**ACTION ITEM:**
Among the records below, find the lines that hold the word "Diode" and report how many there are, with no other words.

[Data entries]

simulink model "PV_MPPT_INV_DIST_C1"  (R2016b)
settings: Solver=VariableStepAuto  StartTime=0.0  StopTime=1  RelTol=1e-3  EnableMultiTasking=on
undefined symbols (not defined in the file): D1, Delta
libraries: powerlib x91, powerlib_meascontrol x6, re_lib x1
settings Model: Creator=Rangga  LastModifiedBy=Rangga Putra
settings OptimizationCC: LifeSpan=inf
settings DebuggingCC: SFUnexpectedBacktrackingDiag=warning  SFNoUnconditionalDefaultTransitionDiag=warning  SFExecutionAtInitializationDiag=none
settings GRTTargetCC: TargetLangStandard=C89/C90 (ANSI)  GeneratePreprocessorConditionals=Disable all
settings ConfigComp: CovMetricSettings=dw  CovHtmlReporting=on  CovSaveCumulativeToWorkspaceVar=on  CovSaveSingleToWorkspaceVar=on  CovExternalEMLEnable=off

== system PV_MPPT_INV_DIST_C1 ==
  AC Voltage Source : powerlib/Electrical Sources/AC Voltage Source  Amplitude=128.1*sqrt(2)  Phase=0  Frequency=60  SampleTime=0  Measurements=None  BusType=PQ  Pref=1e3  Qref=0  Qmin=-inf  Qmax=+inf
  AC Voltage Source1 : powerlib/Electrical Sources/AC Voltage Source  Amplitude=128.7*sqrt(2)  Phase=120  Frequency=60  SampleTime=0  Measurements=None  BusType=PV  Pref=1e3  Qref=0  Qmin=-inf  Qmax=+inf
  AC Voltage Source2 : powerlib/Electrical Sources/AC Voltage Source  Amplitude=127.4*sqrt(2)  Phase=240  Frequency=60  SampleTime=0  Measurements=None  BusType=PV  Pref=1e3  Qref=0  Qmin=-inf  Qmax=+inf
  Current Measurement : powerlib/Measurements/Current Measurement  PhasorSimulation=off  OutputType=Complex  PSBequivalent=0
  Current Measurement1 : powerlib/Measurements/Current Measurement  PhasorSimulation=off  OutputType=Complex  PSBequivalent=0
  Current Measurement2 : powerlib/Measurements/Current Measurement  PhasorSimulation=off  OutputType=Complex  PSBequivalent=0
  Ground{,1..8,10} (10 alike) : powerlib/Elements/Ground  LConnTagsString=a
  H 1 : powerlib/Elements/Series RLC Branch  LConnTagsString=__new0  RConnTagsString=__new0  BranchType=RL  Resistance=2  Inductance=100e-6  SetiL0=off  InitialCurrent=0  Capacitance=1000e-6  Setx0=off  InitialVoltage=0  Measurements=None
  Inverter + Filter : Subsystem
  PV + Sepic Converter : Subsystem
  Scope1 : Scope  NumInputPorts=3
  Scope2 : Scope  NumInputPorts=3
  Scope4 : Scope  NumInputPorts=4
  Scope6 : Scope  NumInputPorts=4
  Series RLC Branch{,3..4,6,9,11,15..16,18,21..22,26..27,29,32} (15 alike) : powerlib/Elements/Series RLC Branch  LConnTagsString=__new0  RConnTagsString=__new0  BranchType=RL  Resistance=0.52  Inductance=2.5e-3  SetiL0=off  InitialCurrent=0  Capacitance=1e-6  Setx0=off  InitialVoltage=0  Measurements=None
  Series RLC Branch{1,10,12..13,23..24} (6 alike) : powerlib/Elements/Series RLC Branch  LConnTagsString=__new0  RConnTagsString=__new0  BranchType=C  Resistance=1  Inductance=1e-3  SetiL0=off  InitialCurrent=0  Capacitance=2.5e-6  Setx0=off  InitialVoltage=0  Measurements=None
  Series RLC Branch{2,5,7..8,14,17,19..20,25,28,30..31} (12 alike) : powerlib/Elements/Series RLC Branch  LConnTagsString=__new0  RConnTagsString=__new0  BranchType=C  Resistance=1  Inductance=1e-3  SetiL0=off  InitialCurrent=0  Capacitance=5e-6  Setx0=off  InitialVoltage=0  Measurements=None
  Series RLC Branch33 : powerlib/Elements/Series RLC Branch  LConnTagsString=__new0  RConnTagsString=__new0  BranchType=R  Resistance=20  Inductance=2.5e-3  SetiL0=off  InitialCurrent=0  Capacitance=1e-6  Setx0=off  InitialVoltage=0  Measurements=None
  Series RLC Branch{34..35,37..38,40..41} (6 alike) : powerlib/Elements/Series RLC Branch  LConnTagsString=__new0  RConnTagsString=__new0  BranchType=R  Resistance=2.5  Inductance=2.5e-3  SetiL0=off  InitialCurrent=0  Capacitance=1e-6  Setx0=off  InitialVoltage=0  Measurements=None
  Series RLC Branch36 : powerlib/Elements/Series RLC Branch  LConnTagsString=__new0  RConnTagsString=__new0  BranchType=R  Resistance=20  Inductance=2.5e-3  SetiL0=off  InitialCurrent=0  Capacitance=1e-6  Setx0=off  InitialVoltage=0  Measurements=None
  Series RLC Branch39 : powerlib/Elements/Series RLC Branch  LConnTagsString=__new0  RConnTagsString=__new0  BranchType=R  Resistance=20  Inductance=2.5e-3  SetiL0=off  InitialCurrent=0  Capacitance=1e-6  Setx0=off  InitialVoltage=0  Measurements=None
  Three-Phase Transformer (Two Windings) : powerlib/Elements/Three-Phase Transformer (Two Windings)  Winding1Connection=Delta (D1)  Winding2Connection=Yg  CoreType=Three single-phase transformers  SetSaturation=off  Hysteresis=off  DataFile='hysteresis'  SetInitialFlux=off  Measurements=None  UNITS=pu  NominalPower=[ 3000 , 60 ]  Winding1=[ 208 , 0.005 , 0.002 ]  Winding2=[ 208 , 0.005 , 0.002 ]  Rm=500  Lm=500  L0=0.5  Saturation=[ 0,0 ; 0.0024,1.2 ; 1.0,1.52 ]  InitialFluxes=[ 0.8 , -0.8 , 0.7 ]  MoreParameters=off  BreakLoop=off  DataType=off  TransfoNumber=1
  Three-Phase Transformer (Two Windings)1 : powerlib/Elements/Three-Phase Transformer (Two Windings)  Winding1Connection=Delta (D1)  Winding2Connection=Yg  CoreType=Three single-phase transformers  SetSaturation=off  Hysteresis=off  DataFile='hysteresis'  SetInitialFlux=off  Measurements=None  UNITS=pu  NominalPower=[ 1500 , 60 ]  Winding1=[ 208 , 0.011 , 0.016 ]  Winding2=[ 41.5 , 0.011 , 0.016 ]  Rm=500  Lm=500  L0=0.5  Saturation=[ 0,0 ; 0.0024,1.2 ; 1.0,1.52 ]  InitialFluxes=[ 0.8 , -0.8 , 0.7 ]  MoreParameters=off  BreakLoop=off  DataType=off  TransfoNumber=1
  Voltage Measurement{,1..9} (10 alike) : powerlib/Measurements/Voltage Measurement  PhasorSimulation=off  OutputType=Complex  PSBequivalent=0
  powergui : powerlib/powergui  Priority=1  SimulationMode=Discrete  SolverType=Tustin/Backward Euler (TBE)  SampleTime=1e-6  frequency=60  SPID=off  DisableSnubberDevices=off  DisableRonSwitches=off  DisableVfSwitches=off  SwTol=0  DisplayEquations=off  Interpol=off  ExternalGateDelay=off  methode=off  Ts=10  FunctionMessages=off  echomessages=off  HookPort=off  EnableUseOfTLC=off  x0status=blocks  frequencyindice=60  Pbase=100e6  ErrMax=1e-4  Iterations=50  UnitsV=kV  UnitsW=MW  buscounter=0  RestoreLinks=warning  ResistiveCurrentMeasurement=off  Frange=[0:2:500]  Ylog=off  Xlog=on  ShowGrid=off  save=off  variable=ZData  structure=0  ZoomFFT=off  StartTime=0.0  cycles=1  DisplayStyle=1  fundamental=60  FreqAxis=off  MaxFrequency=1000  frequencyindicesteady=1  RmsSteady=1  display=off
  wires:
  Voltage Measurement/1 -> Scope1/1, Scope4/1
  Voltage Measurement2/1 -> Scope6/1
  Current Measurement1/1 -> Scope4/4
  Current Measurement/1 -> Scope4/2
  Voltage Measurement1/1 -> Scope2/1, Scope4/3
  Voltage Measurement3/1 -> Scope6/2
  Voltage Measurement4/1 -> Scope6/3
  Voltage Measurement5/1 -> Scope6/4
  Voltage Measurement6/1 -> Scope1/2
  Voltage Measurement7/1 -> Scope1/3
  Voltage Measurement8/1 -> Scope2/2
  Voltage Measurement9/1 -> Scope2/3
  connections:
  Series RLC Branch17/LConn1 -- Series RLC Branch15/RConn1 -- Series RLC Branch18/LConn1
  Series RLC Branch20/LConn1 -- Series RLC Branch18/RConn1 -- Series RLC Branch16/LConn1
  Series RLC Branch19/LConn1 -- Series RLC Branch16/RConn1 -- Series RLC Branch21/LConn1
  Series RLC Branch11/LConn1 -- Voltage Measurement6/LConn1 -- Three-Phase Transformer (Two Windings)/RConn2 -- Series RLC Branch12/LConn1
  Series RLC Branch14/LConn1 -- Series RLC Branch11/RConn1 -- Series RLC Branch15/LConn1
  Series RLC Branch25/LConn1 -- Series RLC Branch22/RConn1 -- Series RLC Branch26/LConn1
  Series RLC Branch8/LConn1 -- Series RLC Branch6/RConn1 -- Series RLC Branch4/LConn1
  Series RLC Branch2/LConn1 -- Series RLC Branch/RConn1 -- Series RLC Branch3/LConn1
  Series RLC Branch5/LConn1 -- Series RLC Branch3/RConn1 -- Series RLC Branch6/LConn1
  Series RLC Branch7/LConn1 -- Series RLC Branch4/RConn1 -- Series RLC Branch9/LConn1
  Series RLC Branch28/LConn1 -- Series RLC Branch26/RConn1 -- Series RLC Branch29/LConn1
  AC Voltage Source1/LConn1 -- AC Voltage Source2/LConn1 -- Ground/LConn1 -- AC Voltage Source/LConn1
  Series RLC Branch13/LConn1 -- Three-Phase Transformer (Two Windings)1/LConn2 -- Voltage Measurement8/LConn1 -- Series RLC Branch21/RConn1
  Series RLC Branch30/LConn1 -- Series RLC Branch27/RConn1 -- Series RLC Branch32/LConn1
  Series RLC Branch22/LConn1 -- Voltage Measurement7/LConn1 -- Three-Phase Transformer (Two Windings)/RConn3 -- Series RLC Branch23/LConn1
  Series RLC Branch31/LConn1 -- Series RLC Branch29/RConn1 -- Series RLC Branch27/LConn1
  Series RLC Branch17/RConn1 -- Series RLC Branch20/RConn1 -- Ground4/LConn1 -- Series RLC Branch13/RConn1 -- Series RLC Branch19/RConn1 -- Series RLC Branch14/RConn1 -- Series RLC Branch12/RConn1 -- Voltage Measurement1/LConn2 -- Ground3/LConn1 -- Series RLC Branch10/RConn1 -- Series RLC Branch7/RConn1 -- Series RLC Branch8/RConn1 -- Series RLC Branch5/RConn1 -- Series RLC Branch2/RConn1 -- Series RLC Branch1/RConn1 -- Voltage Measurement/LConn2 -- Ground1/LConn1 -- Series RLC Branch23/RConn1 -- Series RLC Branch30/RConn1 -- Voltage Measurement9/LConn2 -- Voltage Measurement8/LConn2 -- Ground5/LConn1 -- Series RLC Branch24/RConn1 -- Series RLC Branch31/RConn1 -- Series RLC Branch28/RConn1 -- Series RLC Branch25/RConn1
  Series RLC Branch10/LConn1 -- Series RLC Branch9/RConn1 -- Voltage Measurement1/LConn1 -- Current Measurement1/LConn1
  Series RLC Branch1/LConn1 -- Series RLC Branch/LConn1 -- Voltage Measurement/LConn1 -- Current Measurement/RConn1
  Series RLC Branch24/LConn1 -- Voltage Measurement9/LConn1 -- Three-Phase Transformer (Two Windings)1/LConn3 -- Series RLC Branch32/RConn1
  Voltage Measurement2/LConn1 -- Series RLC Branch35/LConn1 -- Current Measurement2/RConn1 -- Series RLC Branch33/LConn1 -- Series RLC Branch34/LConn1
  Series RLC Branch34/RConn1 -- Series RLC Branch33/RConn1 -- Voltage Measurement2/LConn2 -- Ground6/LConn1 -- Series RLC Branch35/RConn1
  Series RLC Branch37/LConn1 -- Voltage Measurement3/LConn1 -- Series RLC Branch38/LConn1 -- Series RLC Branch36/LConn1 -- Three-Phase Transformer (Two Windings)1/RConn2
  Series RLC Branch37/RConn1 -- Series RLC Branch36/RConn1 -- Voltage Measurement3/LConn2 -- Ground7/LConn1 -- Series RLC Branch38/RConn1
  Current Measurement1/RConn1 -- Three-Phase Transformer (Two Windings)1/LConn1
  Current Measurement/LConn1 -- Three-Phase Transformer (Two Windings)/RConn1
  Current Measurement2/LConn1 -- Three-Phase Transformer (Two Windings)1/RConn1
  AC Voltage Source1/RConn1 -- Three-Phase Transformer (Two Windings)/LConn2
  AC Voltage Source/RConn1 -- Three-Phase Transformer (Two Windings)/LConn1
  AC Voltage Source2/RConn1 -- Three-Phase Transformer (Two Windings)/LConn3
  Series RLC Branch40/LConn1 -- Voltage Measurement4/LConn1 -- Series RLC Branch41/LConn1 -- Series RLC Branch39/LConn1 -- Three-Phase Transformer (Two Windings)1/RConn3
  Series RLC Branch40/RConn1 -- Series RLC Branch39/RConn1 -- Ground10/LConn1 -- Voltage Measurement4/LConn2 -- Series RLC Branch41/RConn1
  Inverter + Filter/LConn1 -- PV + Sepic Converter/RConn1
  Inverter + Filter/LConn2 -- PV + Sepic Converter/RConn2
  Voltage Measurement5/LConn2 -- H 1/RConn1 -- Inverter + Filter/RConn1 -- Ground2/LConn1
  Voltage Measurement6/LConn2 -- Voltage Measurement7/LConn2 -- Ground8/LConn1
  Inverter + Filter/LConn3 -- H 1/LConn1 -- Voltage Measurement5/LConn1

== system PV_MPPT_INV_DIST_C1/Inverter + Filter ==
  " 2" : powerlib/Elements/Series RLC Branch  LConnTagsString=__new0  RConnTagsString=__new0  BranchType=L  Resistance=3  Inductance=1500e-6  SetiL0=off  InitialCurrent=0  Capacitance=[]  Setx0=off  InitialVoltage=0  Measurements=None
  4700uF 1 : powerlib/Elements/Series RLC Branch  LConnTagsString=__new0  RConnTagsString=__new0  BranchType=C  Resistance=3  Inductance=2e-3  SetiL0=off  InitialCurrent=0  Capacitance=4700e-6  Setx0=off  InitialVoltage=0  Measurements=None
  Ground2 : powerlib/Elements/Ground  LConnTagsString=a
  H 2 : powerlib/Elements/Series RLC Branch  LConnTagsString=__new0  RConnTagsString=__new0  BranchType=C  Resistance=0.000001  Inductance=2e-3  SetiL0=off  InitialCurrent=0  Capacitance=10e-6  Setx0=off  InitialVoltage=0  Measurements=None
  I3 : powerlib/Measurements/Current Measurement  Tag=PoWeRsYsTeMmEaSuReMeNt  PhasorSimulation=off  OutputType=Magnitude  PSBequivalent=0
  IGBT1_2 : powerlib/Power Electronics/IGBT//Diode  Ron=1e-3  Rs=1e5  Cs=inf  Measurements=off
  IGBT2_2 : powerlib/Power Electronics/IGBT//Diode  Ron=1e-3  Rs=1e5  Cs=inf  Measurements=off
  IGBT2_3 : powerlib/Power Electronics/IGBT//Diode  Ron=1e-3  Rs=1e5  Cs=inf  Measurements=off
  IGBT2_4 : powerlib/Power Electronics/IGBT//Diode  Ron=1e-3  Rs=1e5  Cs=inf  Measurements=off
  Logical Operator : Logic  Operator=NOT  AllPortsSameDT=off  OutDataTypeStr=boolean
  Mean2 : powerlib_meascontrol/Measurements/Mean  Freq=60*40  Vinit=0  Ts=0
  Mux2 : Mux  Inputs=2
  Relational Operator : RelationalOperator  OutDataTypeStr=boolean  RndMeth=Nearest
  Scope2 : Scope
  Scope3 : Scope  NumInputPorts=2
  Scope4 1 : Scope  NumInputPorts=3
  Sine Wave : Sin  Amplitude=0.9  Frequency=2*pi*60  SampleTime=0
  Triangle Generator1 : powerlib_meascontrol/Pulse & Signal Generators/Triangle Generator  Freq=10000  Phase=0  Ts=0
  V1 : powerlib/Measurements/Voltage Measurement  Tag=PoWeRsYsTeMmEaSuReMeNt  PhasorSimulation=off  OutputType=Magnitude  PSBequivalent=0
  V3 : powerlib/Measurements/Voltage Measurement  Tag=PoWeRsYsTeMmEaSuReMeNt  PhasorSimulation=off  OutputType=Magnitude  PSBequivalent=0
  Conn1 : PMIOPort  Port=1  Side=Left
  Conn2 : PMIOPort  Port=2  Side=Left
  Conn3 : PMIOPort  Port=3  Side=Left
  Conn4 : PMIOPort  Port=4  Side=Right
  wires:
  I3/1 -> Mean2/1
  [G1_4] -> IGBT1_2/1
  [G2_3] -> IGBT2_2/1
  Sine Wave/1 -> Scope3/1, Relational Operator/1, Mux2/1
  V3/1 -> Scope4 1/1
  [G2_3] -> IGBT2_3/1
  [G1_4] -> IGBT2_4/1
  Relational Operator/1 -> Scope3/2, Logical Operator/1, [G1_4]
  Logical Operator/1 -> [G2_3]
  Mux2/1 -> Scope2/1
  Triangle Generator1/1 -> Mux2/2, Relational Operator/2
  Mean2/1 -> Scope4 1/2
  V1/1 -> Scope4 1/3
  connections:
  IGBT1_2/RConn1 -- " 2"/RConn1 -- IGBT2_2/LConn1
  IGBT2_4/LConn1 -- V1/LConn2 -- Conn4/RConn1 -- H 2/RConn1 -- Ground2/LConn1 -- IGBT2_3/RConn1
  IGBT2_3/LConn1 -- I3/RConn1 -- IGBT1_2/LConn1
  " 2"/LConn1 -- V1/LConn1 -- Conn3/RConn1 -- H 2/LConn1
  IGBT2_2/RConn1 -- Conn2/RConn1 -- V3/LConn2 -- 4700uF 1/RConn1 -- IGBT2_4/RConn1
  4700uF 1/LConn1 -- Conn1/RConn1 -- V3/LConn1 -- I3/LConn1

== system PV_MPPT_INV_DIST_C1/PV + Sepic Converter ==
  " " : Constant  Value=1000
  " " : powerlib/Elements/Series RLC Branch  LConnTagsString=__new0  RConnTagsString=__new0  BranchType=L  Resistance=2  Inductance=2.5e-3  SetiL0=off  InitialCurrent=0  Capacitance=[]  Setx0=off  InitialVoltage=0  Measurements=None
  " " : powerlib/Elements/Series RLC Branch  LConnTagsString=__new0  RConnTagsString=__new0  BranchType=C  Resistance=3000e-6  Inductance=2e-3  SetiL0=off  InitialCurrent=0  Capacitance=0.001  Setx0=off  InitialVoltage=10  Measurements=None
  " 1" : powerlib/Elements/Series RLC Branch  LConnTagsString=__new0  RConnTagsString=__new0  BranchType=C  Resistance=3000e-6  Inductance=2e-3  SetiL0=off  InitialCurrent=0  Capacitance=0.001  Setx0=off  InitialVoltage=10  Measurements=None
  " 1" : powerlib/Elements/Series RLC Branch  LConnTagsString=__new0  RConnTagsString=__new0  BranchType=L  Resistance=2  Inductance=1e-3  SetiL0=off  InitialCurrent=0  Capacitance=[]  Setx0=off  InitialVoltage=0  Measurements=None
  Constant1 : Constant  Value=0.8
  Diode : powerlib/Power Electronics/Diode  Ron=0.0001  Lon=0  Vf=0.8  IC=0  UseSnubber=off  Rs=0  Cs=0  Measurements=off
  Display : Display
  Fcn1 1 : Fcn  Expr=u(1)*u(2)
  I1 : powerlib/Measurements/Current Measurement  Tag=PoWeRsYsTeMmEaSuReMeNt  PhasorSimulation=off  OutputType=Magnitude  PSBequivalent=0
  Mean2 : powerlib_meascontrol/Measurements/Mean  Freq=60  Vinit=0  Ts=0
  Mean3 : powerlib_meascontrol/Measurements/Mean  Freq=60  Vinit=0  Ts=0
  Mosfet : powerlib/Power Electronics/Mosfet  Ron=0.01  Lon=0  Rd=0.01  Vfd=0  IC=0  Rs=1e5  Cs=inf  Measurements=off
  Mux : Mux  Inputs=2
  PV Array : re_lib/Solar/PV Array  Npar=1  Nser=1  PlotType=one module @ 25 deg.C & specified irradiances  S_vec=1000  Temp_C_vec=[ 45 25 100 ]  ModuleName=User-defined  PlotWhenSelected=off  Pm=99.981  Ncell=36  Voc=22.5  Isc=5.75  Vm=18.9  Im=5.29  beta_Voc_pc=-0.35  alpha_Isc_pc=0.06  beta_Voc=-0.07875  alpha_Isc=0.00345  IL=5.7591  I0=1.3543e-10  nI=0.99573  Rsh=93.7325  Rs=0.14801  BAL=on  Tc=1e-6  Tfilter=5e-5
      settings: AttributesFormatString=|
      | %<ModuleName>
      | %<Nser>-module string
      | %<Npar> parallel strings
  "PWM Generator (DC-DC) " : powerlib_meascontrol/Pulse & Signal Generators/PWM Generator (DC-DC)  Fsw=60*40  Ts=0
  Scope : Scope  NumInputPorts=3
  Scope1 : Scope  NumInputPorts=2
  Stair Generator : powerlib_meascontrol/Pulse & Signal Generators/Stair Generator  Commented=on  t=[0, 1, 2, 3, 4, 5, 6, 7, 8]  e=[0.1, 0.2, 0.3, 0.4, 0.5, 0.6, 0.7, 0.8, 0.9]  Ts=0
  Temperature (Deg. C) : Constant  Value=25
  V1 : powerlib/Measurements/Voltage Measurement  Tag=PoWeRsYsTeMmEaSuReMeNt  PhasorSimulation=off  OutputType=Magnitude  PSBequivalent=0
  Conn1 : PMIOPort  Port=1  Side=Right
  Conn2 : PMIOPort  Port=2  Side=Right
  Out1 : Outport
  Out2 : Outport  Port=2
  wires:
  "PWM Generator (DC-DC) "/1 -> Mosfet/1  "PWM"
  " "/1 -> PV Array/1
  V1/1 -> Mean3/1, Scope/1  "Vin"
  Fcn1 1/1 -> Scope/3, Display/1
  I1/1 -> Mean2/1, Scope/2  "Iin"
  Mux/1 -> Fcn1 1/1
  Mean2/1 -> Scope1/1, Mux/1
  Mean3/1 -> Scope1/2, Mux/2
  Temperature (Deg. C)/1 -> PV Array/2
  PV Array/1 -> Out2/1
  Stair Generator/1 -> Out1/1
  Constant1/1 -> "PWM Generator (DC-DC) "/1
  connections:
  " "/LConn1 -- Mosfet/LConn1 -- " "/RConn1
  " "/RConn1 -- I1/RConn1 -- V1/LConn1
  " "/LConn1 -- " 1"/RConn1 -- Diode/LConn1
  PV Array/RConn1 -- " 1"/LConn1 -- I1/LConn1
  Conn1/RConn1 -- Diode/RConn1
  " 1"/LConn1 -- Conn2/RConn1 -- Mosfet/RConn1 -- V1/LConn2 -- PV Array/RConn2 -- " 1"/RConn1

**ANSWER:**
7